Note: If you are experienced with r, feel free to skim through this prelab quickly.
Increasingly, being able to access, organise, transform, and model data is an important skill in a host of different industries. With the energy industry in a period of rapid adjustment towards low-carbon sources and increasing regulation, the ability to use data to analyse the market and make decisions is especially important.
You may have used other data and statistical software in previous courses: like Excel, SAS, STATA, etc. Why do we use R in this course?
Because R is more than just a statistics package, it is a programming langauge and an open source platform. It is used by almost all academic statisticians and most empirical researchers.
Importantly, R is also used by analysts and researchers at:
Amazon
Statoil
Norges Bank
New York Times
And thousands of other businesses and organisations
R has become one of the main tools of an entirely new professional category, often called a Data Analyst or Data Scientist. In the labor market there is a large demand for candidates with solid data skills.
The lectures, labs and assignments of this course will only scratch the surface of what you can do with R. In completing the labs and assignments you will need to find information on commands, writing scripts and trouble-shooting bugs. Luckily there are many excellent sources on the internet.
You can start with An Introduction to R, from the R-project.
UCLA has a usefull website on using R.
But perhaps the most common (and often best) way of getting help is to simply use google or other search engine. You can usually find a good solution to a problem if you type in something like “How to plot histogram in r”.
For the purposes of completing all the varied tasks we will cover in this course, a possible alternative would be using Python with companion packages Numpy, Pandas, scipy.stats and statsmodels. I have had students who have completed the course using Python, but I will have a more limited ability to provide support and feedback.
R is a powerful tool. It is also free and open source and can be downloaded with no restrictions on use from the web.
We will also be downloading a helper-program called R-studio that makes using R easier.
Instructions are below:
After you have opened RStudio, you should see 4 different windows on the screen.
At the bottom left there is a window called “console”
Try to write in the following after the “>” symbol:
print("Hello World!")
## [1] "Hello World!"
What’s happened? The console is where we communicate with R. We can think of R here as the motor - it is what is doing the calculating in the background. Here we just tell it to print “hello world” and it does it.
Now try writing in the console
#This is a comment
Nothing should happen. Using “#” in a code means that that line becomes inactive. It is just used to make a comment on that code.
For the most part, we will not be directly writing code into the console. This turns out to be pretty inefficient.
What we want to do is write our code in a “script file”, basically just a text file, and then run the code after in the console. That way we save the code we have written.
We can open a new script file, which are denoted as .r files in r/rstudio by going to file > new file > R script. A new empty script page should open in the upper left window. You can save this file in a convenient place (like an energy analytics folder).
Now you can write the following few lines into your script file.
print("hello")
print("R is fun")
print("holy cow")
If you highlight a line and press the “run” button on the top banner the one line will be sent to the console.

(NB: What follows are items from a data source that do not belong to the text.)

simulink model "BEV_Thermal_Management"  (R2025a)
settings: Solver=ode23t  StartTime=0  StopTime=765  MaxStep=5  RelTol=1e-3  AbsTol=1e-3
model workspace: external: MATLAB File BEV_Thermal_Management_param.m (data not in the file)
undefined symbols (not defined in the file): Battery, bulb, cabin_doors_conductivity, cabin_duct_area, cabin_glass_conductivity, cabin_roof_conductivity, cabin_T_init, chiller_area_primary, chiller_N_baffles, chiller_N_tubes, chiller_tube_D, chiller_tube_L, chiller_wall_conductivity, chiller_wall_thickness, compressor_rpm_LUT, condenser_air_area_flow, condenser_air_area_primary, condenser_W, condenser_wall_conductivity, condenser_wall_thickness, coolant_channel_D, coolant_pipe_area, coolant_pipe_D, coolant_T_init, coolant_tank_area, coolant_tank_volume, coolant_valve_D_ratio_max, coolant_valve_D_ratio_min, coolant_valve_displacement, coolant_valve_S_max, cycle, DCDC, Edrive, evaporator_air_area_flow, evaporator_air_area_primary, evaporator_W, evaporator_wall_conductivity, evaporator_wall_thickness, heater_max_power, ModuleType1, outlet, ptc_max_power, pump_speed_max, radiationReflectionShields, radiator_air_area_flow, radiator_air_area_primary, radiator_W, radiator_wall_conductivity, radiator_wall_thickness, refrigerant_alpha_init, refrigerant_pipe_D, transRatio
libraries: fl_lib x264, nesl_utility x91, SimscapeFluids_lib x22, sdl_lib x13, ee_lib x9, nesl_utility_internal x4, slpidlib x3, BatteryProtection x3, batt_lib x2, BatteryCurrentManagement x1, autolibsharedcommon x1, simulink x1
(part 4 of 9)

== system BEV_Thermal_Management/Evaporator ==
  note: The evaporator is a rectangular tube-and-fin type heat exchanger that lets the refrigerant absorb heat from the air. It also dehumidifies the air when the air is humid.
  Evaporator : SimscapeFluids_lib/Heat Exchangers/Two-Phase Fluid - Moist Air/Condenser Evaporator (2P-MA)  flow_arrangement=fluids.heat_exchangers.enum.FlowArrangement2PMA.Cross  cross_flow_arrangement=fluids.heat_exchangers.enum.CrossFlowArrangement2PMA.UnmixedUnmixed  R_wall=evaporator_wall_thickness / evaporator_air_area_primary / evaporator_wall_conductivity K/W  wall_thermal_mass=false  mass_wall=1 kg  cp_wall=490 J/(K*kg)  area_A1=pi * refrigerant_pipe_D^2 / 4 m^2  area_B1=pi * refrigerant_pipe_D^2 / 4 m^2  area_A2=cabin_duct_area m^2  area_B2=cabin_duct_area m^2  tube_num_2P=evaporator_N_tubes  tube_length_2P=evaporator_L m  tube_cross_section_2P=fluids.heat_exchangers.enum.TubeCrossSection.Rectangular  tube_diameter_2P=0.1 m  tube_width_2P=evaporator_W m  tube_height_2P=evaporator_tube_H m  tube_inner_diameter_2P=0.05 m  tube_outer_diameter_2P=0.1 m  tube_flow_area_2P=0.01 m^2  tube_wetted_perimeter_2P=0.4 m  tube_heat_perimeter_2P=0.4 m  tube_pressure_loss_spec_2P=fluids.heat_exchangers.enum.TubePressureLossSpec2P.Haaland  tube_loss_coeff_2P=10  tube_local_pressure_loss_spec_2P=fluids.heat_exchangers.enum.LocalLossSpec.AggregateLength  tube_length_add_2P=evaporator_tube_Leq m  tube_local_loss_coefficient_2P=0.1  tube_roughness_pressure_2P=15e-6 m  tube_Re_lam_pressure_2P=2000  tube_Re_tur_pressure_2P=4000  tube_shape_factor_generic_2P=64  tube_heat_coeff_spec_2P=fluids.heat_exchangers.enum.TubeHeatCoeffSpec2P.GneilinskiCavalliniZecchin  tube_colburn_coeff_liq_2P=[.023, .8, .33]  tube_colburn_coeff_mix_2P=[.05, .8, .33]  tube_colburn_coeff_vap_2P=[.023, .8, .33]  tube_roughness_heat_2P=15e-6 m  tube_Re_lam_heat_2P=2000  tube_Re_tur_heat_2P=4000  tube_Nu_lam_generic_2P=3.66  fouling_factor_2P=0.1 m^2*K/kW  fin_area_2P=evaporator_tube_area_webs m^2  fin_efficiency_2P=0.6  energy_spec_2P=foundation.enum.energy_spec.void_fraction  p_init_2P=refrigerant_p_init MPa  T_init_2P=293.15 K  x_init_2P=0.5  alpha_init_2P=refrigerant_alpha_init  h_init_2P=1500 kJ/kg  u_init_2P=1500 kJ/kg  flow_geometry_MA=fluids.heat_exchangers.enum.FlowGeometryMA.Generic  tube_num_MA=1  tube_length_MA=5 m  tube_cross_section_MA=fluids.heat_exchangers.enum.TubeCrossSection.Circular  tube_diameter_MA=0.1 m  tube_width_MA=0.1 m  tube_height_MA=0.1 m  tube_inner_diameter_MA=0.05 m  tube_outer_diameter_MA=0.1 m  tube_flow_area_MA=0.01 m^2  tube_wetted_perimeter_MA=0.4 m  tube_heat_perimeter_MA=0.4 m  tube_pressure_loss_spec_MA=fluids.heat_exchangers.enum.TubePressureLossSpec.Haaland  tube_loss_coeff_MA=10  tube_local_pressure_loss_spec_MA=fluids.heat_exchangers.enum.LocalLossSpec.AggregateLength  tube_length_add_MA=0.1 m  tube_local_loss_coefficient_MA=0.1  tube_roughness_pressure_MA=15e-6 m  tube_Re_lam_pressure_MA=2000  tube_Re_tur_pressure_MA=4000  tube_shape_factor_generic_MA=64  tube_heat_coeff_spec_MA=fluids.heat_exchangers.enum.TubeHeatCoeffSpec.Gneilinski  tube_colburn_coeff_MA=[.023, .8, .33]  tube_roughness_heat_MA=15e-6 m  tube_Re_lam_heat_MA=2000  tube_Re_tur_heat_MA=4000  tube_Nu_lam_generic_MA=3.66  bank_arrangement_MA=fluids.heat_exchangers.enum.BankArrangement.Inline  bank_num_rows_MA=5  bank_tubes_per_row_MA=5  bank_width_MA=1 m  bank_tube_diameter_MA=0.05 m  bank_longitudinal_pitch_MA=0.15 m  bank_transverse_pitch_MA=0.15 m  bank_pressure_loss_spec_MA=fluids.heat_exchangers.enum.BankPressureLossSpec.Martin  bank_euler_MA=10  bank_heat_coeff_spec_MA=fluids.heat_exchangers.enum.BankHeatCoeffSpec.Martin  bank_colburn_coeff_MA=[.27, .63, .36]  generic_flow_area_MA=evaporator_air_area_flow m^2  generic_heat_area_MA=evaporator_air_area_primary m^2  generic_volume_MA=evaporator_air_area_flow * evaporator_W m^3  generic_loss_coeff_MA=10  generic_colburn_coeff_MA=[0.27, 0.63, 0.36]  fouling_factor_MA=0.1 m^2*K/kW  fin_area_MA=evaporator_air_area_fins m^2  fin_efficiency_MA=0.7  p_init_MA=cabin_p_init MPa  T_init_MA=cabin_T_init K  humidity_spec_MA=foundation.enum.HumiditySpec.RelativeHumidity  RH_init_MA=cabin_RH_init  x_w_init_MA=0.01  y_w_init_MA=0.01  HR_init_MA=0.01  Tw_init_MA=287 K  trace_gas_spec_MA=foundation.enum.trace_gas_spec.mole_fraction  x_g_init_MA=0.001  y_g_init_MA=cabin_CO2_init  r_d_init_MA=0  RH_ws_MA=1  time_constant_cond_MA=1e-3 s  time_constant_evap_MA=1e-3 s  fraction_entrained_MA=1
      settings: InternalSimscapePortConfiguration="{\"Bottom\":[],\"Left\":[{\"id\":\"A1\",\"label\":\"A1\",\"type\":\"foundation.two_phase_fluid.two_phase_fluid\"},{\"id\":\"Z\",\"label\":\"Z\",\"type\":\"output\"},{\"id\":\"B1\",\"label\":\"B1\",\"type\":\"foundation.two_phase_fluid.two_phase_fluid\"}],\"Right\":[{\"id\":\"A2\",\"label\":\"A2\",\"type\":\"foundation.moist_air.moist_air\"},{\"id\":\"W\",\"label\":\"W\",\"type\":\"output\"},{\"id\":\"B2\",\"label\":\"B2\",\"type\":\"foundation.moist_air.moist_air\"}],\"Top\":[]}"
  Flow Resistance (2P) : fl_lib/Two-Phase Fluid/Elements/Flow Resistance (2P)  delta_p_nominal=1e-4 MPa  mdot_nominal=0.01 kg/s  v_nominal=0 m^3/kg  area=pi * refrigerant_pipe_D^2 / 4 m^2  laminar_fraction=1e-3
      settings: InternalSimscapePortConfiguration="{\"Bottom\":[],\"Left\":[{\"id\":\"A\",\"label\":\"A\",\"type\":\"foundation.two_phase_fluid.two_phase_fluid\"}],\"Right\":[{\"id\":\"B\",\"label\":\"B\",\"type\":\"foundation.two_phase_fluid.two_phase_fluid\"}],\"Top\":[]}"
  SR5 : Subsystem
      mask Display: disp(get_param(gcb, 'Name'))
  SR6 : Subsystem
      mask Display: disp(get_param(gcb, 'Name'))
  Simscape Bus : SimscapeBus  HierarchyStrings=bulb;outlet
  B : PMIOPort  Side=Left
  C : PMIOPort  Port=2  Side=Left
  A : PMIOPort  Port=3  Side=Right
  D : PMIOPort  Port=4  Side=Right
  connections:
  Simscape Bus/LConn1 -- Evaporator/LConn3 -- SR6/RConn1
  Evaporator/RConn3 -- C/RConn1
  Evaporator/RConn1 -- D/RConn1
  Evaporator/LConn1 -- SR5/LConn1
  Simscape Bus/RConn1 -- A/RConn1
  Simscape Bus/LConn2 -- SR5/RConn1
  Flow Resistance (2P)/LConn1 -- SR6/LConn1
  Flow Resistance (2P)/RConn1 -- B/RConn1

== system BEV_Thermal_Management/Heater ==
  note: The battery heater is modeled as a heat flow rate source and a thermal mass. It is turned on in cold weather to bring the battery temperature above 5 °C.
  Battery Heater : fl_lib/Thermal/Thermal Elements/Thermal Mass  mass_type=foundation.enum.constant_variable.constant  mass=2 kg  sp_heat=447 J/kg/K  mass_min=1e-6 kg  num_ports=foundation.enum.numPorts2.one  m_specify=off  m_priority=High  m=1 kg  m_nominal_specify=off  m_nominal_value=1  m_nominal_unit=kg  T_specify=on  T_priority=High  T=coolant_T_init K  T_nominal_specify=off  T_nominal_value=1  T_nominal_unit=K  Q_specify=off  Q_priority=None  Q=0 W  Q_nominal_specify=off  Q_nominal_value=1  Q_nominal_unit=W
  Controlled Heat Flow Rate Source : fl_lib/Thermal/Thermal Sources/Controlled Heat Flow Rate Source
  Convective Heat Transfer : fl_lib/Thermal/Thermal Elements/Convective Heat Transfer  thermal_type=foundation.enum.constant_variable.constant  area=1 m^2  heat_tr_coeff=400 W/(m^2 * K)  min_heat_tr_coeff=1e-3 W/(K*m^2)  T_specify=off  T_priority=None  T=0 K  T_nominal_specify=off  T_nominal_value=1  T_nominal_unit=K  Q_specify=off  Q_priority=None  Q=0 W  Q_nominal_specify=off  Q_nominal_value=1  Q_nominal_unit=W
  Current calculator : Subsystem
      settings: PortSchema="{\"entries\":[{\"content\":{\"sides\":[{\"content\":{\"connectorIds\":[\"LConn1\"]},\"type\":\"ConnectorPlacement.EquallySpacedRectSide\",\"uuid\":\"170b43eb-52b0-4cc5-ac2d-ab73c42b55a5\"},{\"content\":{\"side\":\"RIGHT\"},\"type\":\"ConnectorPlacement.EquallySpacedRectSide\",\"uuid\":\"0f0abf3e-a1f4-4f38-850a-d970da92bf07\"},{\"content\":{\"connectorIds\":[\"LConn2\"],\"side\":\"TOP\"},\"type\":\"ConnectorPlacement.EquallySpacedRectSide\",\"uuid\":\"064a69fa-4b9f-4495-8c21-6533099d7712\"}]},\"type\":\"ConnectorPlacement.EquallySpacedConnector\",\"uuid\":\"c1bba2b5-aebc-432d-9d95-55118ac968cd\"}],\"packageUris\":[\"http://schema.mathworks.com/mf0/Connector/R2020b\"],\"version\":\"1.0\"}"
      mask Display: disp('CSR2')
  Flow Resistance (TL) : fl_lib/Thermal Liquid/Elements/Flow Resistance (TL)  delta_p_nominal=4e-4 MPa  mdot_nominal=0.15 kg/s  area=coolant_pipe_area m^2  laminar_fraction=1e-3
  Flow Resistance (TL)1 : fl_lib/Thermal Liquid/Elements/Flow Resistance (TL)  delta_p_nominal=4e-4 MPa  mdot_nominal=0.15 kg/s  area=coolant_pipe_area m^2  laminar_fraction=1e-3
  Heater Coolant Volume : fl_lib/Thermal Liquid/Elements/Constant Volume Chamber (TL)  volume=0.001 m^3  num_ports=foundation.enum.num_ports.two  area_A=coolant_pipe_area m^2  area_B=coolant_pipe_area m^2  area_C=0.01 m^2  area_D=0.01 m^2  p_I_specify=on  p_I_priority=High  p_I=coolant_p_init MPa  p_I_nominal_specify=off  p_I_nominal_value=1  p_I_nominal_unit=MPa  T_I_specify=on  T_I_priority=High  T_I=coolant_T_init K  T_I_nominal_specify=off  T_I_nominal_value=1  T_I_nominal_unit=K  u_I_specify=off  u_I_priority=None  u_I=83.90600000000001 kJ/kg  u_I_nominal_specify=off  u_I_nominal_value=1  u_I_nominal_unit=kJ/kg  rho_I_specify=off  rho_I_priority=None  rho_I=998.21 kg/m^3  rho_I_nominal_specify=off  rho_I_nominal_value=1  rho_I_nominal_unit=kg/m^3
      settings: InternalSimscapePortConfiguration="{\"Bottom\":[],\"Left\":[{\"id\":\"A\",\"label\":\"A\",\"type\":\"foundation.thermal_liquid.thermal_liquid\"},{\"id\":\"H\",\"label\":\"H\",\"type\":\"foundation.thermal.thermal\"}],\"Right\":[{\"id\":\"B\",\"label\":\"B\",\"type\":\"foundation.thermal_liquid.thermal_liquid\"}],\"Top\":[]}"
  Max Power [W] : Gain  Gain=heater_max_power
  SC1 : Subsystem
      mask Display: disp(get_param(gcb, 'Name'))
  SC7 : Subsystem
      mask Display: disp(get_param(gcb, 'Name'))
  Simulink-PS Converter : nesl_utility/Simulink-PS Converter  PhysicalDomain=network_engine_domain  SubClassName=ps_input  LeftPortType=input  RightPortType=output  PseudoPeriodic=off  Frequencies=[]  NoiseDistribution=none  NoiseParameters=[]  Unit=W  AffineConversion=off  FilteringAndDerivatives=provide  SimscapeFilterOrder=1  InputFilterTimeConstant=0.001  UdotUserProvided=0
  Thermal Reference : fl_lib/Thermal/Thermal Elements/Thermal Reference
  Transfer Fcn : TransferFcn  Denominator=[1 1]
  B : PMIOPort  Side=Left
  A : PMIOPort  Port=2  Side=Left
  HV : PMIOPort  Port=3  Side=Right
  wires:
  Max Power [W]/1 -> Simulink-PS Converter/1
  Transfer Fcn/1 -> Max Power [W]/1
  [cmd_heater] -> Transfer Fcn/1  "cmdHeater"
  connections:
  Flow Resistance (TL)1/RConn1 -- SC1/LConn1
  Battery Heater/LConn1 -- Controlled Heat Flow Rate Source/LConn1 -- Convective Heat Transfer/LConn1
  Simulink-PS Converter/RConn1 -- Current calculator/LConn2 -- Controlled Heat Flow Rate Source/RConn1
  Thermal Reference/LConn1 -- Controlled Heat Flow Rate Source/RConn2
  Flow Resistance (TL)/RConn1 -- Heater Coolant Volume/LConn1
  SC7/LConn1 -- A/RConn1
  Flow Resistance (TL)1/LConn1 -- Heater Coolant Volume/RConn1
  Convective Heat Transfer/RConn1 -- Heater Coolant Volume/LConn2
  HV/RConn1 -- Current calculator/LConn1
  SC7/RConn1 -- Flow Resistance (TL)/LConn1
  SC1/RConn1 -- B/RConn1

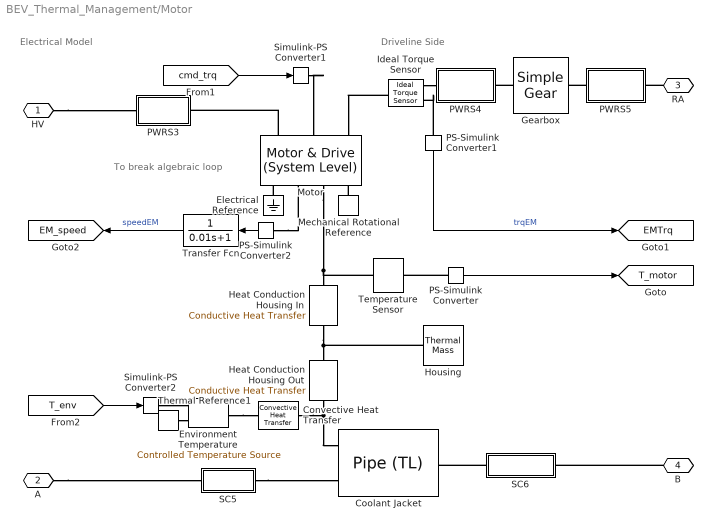
== system BEV_Thermal_Management/Motor ==
  note: Driveline Side
  note: Electrical Model
  note: To break algebraic loop
  Convective Heat Transfer : fl_lib/Thermal/Thermal Elements/Convective Heat Transfer  thermal_type=foundation.enum.constant_variable.constant  area=Edrive.diameter*pi*Edrive.length m^2  heat_tr_coeff=5 W/(K*m^2)  min_heat_tr_coeff=1e-3 W/(K*m^2)  T_specify=off  T_priority=None  T=0 K  T_nominal_specify=off  T_nominal_value=1  T_nominal_unit=K  Q_specify=off  Q_priority=None  Q=0 W  Q_nominal_specify=off  Q_nominal_value=1  Q_nominal_unit=W
  Coolant Jacket : SimscapeFluids_lib/Thermal Liquid/Pipes & Fittings/Pipe (TL)  dynamic_compressibility=simscape.enum.onoff.on  inertia=simscape.enum.onoff.off  num_segments=1  pipe_length=0.4 m  cross_section_geometry=fluids.thermal_liquid.pipes_fittings.enum.CrossSectionGeometry.Custom  pipe_diameter=0.1 m  pipe_inner_diameter=0.05 m  pipe_outer_diameter=0.1 m  pipe_width=0.1 m  pipe_height=0.1 m  pipe_major_axis=0.1 m  pipe_minor_axis=0.05 m  pipe_side=0.1 m  pipe_angle=30 deg  area=4*pi * coolant_channel_D^2 / 4 m^2  Dh=coolant_channel_D m  elevation_spec=foundation.enum.constant_variable.constant  elevation_gain=0 m  gravity_spec=foundation.enum.constant_variable.constant  g=9.81 m/s^2  pressure_loss_spec=fluids.thermal_liquid.pipes_fittings.enum.PressureLossSpec.Haaland  local_pressure_loss_spec=fluids.thermal_liquid.pipes_fittings.enum.LocalLossSpec.AggregateLength  length_add=20 * coolant_channel_D * 4 m  loss_coefficient=0.1  roughness_spec=fluids.thermal_liquid.pipes_fittings.enum.RoughnessSpec.Custom  roughness=1.5e-5 m  Re_friction_TLU=[ 400 1000 1.5e+3 3e+3 4e+3 6e+3 1e+4 2e+4 4e+4 6e+4 1e+5 1e+8 ]  friction_factor_TLU=[ 0.264 0.112 0.07099999999999999 0.0417 0.0387 0.0268 0.025 0.0232 0.0226 0.022 0.0214 0.0214 ]  Re_lam=100  Re_tur=500  shape_factor=64  mdot_nominal=[ 0.1 1 ] kg/s  p_diff_nominal=[ 0.001 0.01 ] MPa  mdot_threshold=1e-6 kg/s  wall_spec=fluids.thermal_liquid.pipes_fittings.enum.wall_spec.rigid  vol_expansion_spec=fluids.thermal_liquid.pipes_fittings.enum.VolumeExpansionSpec.Diameter  area_pressure_gain=1e-6 m^2/MPa  static_pressure_TLU=[.1, 1] MPa  area_pressure_gain_TLU=[1e-05, 1.1e-05] m^2  material_behavior_spec=fluids.thermal_liquid.pipes_fittings.enum.PipeMaterialBehavior.Linear  diameter_pressure_gain=1.2e-6 m/MPa  wall_thickness=0.05 m  elastic_modulus=69 GPa  stress_TLU=[276, 310] MPa  strain_TLU=[.004, .02]  stress_assert_action=simscape.enum.assert.action.none  stress_max=400 MPa  poisson_ratio=0.33  wall_time_constant=0.01 s  thermal_expansion=false  alpha_L_wall=24 um/(deltaK*m)  thermal_expansion_Tref=293.15 K  heat_transfer_spec=fluids.thermal_liquid.pipes_fittings.enum.HeatTransferSpec.DittusBoelter  mdot_nominal_heat=[ 0.1 1 ] kg/s  T_in_nominal=[ 293.15 293.15 ] K  T_out_nominal=[ 300 300 ] K  p_in_nominal_heat=[ 0.101325 0.101325 ] MPa  T_wall_nominal=[ 303.15 303.15 ] K  a_coeff=0.3  b_Re_power=0.8  c_Pr_power=0.33  Nu_lam=3.66  Re_Colburn_TLU=[ 100 150 1000 ]  Colburn_factor_TLU=[ 0.019 0.013 0.002 ]  Re_Nu_TLU=[ 100 150 1000 ]  Pr_Nu_TLU=[ 1 10 ]  Nu_TLU=[ 3.72 4.21; 3.75 4.44; 4.21 7.15 ]  p0_vec=coolant_p_init MPa  T0_vec=coolant_T_init K  mdot0=0.1 kg/s  p_nominal=0.101325 MPa  T_nominal=293.15 K
  Electrical Reference : fl_lib/Electrical/Electrical Elements/Electrical Reference
  Environment Temperature : fl_lib/Thermal/Thermal Sources/Controlled Temperature Source
  Gearbox : sdl_lib/Gears/Simple Gear  ratio=transRatio  rotation_direction=sdl.enum.shaftOutputDirection.same  friction_model=sdl.enum.gear_efficiencies_load.constant  T_noload=0.1 N*m  T_nom=5 N*m  efficiency_nom=0.8  efficiency=Edrive.gearboxEff  temperature_TLU=[280, 300, 320] K  load_TLU=[1, 5, 10] N*m  efficiency_TLU=[.95, .9, .85]  efficiency_TLU2=[.85, .8, .75; .95, .9, .85; .85, .8, .7]  w_thr=0.01 rad/s  pwr_thr=0.001 W  enable_backlash=false  hardstop_model=simscape.enum.hardstop.smooth  backlash_distance=1e-3 mm  r_base=0.1 m  transition=1e-4 mm  backlash_stiffness=1e6 N/m  backlash_damping=1e3 N*s/m  coeff_rest=0.7  v_tol=0.001 m/s  f_tol=0.001 N  mu_visc=[0, 0] N*m*s/rad  thermal_mass=50 J/K  temperature_specify=off  temperature_priority=High  temperature=300 K  temperature_nominal_specify=off  temperature_nominal_value=1  temperature_nominal_unit=K  x_backlash_specify=off  x_backlash_priority=None  x_backlash=0 mm  x_backlash_nominal_specify=off  x_backlash_nominal_value=1  x_backlash_nominal_unit=mm  f_hardstop_specify=off  f_hardstop_priority=None  f_hardstop=0 N  f_hardstop_nominal_specify=off  f_hardstop_nominal_value=1  f_hardstop_nominal_unit=N  v_backlash_specify=off  v_backlash_priority=None  v_backlash=0 m/s  v_backlash_nominal_specify=off  v_backlash_nominal_value=1  v_backlash_nominal_unit=m/s
  Heat Conduction Housing In : fl_lib/Thermal/Thermal Elements/Conductive Heat Transfer  thermal_type=foundation.enum.ConstantVariableTabulated.Constant  wall_geometry=foundation.enum.ConductionWallGeometry.Cylindrical  area=1e-4 m^2  thickness=0.1 m  d_in=Edrive.diameter-0.005 m  d_out=Edrive.diameter m  L=Edrive.length m  th_cond_min=10 W/(K*m)  th_cond=230 W/(K*m)  th_cond_TLU=[413, 401, 392, 383, 371, 357, 342] W/(K*m)  temp_TLU=[200, 273, 400, 600, 800, 1000, 1200] K  T_specify=off  T_priority=None  T=0 K  T_nominal_specify=off  T_nominal_value=1  T_nominal_unit=K  Q_specify=off  Q_priority=None  Q=0 W  Q_nominal_specify=off  Q_nominal_value=1  Q_nominal_unit=W
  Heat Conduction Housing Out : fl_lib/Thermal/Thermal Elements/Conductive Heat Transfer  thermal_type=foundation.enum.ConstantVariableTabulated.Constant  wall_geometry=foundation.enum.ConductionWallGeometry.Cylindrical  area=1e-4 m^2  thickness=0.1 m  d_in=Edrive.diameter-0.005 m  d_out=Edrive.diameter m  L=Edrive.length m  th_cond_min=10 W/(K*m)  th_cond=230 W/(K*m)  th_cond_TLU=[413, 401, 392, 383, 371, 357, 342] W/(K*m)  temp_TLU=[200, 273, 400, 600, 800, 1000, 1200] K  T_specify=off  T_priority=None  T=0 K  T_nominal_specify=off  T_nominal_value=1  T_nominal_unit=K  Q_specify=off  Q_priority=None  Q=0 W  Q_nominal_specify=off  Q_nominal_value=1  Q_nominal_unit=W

If you highlight all three lines, all three lines will be sent to the console and executed in order.
Here you will probably end up using a hot key - on a mac you press command + return.
What makes R really powerful is that it also serves as a plattform, and that developers can write their own “apps” for R, called “packages”. The greatly expands the capability of r.
One such package we will make use of is called ggplot and is used for visualising data. To use this package we need to do two things.
First, we need to download the package from the sentral r depository (the R appstore, if you will).
install.packages("ggplot2")
This we only need to do once (unless you update your computer or a new version of r or the package become available)
Every time we start a new session and we want to use the package, we need to load it (equivalent to starting up an app). This we do by:
library(ggplot2)
In lab 1 we will see how r works in a little more detail, including how to import data.